All values were expressed as mean±SD; (n=6). Statistical analysis was done by one-way ANOVA followed by Dunnett’s t-test where TNG, TKG, SMG, and SRG groups were compared to ICG, while ICG and PNG were compared to NCG and the values were found to be statistically highly significant at ^ap<0.001 and statistically very significant at ^bp<0.01. Where TNG is Test Nanoparticle Group, TKG is Test Khamira Group, SMG is Standard Metoprolol Group, SRG is Standard Ramipril group, ICG is Isoprenaline Control Group, PNG is Per se Nanoparticle Group, NCG is Normal Control Group.

Cell (Myocyte) size determination

The histopathology of the myocardium was done followed by staining with hematoxylin and eosin Y dye of different treatment groups later subjected to Image J software and the size of the cell was determined and shown in Figure 15.

Figure 15. Myocyte cross-sectional area of different treatment groups.
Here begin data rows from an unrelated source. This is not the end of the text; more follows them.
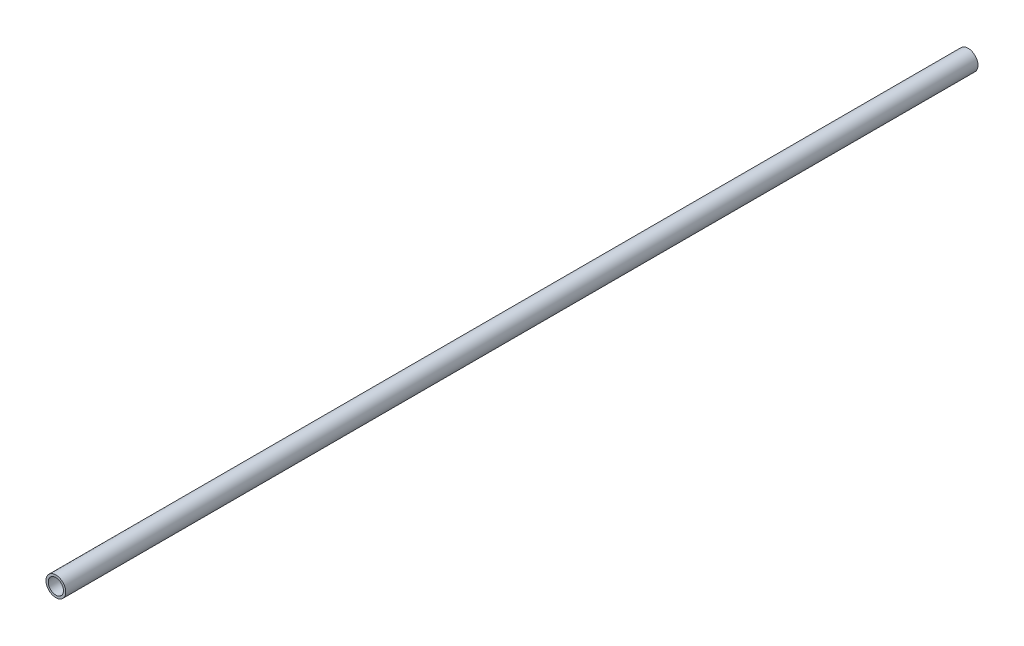
ISO-10303-21;
HEADER;
FILE_DESCRIPTION(('STEP AP214'),'2;1');
FILE_NAME('part.step','',(''),(''),'','','');
FILE_SCHEMA(('AUTOMOTIVE_DESIGN { 1 0 10303 214 1 1 1 1 }'));
ENDSEC;
DATA;
#1=APPLICATION_CONTEXT('core data for automotive mechanical design processes');
#2=APPLICATION_PROTOCOL_DEFINITION('international standard','automotive_design',2000,#1);
#3=PRODUCT_CONTEXT('',#1,'mechanical');
#4=PRODUCT('Part','Part','',(#3));
#5=PRODUCT_RELATED_PRODUCT_CATEGORY('part','',(#4));
#6=PRODUCT_DEFINITION_FORMATION('','',#4);
#7=PRODUCT_DEFINITION_CONTEXT('part definition',#1,'design');
#8=PRODUCT_DEFINITION('design','',#6,#7);
#9=PRODUCT_DEFINITION_SHAPE('','',#8);
#10=(LENGTH_UNIT() NAMED_UNIT(*) SI_UNIT(.MILLI.,.METRE.));
#11=(NAMED_UNIT(*) PLANE_ANGLE_UNIT() SI_UNIT($,.RADIAN.));
#12=(NAMED_UNIT(*) SI_UNIT($,.STERADIAN.) SOLID_ANGLE_UNIT());
#13=UNCERTAINTY_MEASURE_WITH_UNIT(LENGTH_MEASURE(1.E-05),#10,'distance_accuracy_value','');
#14=(GEOMETRIC_REPRESENTATION_CONTEXT(3) GLOBAL_UNCERTAINTY_ASSIGNED_CONTEXT((#13)) GLOBAL_UNIT_ASSIGNED_CONTEXT((#10,
#11,#12)) REPRESENTATION_CONTEXT('',''));
#15=CARTESIAN_POINT('',(0.,0.,0.));
#16=DIRECTION('',(0.,0.,1.));
#17=DIRECTION('',(1.,0.,0.));
#18=AXIS2_PLACEMENT_3D('',#15,#16,#17);
#19=CARTESIAN_POINT('',(0.,0.,600.));
#20=DIRECTION('',(0.,0.,1.));
#21=DIRECTION('',(1.,0.,0.));
#22=AXIS2_PLACEMENT_3D('',#19,#20,#21);
#23=PLANE('',#22);
#24=CARTESIAN_POINT('',(0.,0.,600.));
#25=DIRECTION('',(0.,0.,1.));
#26=DIRECTION('',(1.,0.,0.));
#27=AXIS2_PLACEMENT_3D('',#24,#25,#26);
#28=CIRCLE('',#27,6.5);
#29=CARTESIAN_POINT('',(6.5,0.,600.));
#30=VERTEX_POINT('',#29);
#31=EDGE_CURVE('E10',#30,#30,#28,.T.);
#32=ORIENTED_EDGE('',*,*,#31,.T.);
#33=EDGE_LOOP('',(#32));
#34=FACE_BOUND('',#33,.T.);
#35=CARTESIAN_POINT('',(0.,0.,600.));
#36=DIRECTION('',(0.,0.,1.));
#37=DIRECTION('',(1.,0.,0.));
#38=AXIS2_PLACEMENT_3D('',#35,#36,#37);
#39=CIRCLE('',#38,5.);
#40=CARTESIAN_POINT('',(5.,0.,600.));
#41=VERTEX_POINT('',#40);
#42=EDGE_CURVE('E56',#41,#41,#39,.T.);
#43=ORIENTED_EDGE('',*,*,#42,.F.);
#44=EDGE_LOOP('',(#43));
#45=FACE_BOUND('',#44,.T.);
#46=ADVANCED_FACE('F43',(#34,#45),#23,.T.);
#47=CARTESIAN_POINT('',(0.,0.,0.));
#48=DIRECTION('',(0.,0.,1.));
#49=DIRECTION('',(1.,0.,0.));
#50=AXIS2_PLACEMENT_3D('',#47,#48,#49);
#51=PLANE('',#50);
#52=CARTESIAN_POINT('',(0.,0.,0.));
#53=DIRECTION('',(0.,0.,1.));
#54=DIRECTION('',(1.,0.,0.));
#55=AXIS2_PLACEMENT_3D('',#52,#53,#54);
#56=CIRCLE('',#55,6.5);
#57=CARTESIAN_POINT('',(6.5,0.,0.));
#58=VERTEX_POINT('',#57);
#59=EDGE_CURVE('E47',#58,#58,#56,.T.);
#60=ORIENTED_EDGE('',*,*,#59,.F.);
#61=EDGE_LOOP('',(#60));
#62=FACE_BOUND('',#61,.T.);
#63=CARTESIAN_POINT('',(0.,0.,0.));
#64=DIRECTION('',(0.,0.,1.));
#65=DIRECTION('',(1.,0.,0.));
#66=AXIS2_PLACEMENT_3D('',#63,#64,#65);
#67=CIRCLE('',#66,5.);
#68=CARTESIAN_POINT('',(5.,0.,0.));
#69=VERTEX_POINT('',#68);
#70=EDGE_CURVE('E58',#69,#69,#67,.T.);
#71=ORIENTED_EDGE('',*,*,#70,.T.);
#72=EDGE_LOOP('',(#71));
#73=FACE_BOUND('',#72,.T.);
#74=ADVANCED_FACE('F70',(#62,#73),#51,.F.);
#75=CARTESIAN_POINT('',(0.,0.,600.));
#76=DIRECTION('',(0.,0.,-1.));
#77=DIRECTION('',(-1.,0.,0.));
#78=AXIS2_PLACEMENT_3D('',#75,#76,#77);
#79=CYLINDRICAL_SURFACE('',#78,6.5);
#80=ORIENTED_EDGE('',*,*,#31,.F.);
#81=EDGE_LOOP('',(#80));
#82=FACE_BOUND('',#81,.T.);
#83=ORIENTED_EDGE('',*,*,#59,.T.);
#84=EDGE_LOOP('',(#83));
#85=FACE_BOUND('',#84,.T.);
#86=ADVANCED_FACE('F45',(#82,#85),#79,.T.);
#87=CARTESIAN_POINT('',(0.,0.,600.));
#88=DIRECTION('',(0.,0.,-1.));
#89=DIRECTION('',(-1.,0.,0.));
#90=AXIS2_PLACEMENT_3D('',#87,#88,#89);
#91=CYLINDRICAL_SURFACE('',#90,5.);
#92=ORIENTED_EDGE('',*,*,#42,.T.);
#93=EDGE_LOOP('',(#92));
#94=FACE_BOUND('',#93,.T.);
#95=ORIENTED_EDGE('',*,*,#70,.F.);
#96=EDGE_LOOP('',(#95));
#97=FACE_BOUND('',#96,.T.);
#98=ADVANCED_FACE('F66',(#94,#97),#91,.F.);
#99=CLOSED_SHELL('',(#46,#74,#86,#98));
#100=MANIFOLD_SOLID_BREP('B2',#99);
#101=ADVANCED_BREP_SHAPE_REPRESENTATION('',(#18,#100),#14);
#102=SHAPE_DEFINITION_REPRESENTATION(#9,#101);
ENDSEC;
END-ISO-10303-21;

All values were expressed as mean±SD; (n=6). Statistical analysis was done by one-way ANOVA followed by Dunnett’s t-test where TNG, TKG, SMG and SRG groups were compared to ICG, while ICG and PNG were compared to NCG and the values were found to be statistically highly significant at ^ap<0.0001 and statistically very significant at ^bp<0.001. Where TNG is Test Nanoparticle Group, TKG is Test Khamira Group, SMG is Standard Metoprolol Group, SRG is Standard Ramipril group, ICG is Isoprenaline Control Group, PNG is Per se Nanoparticle Group, NCG is Normal Control Group.

Histopathology

Heart tissue histopathology⁵³: H&E stain of the heart of various groups. In NCG: treated with normal saline considered as normal control showed the normal orientation of epicardium, endocardium, and myocardium as well as papillary muscles and vasculature. Isoprenaline group (ICG) showed infarcts with occasionally acute aneurysm and mural thrombi. The other groups were compared with the isoprenaline group (ICG) in which the test nanoparticle group (TNG) and Standard metoprolol group (SMG) showed normal intact myocardial tissue with no infiltration, while the test khamira group (TKG) and standard ramipril group (SRG) showed focal lesions with no sign of myonecrosis, myophagocytosis, and lymphocytic infiltration. The per se group (PSG) showed normal architecture of myocardial tissue, an organized pattern of myofiber striations with central nuclei, and with no vacuolization (Figure 16).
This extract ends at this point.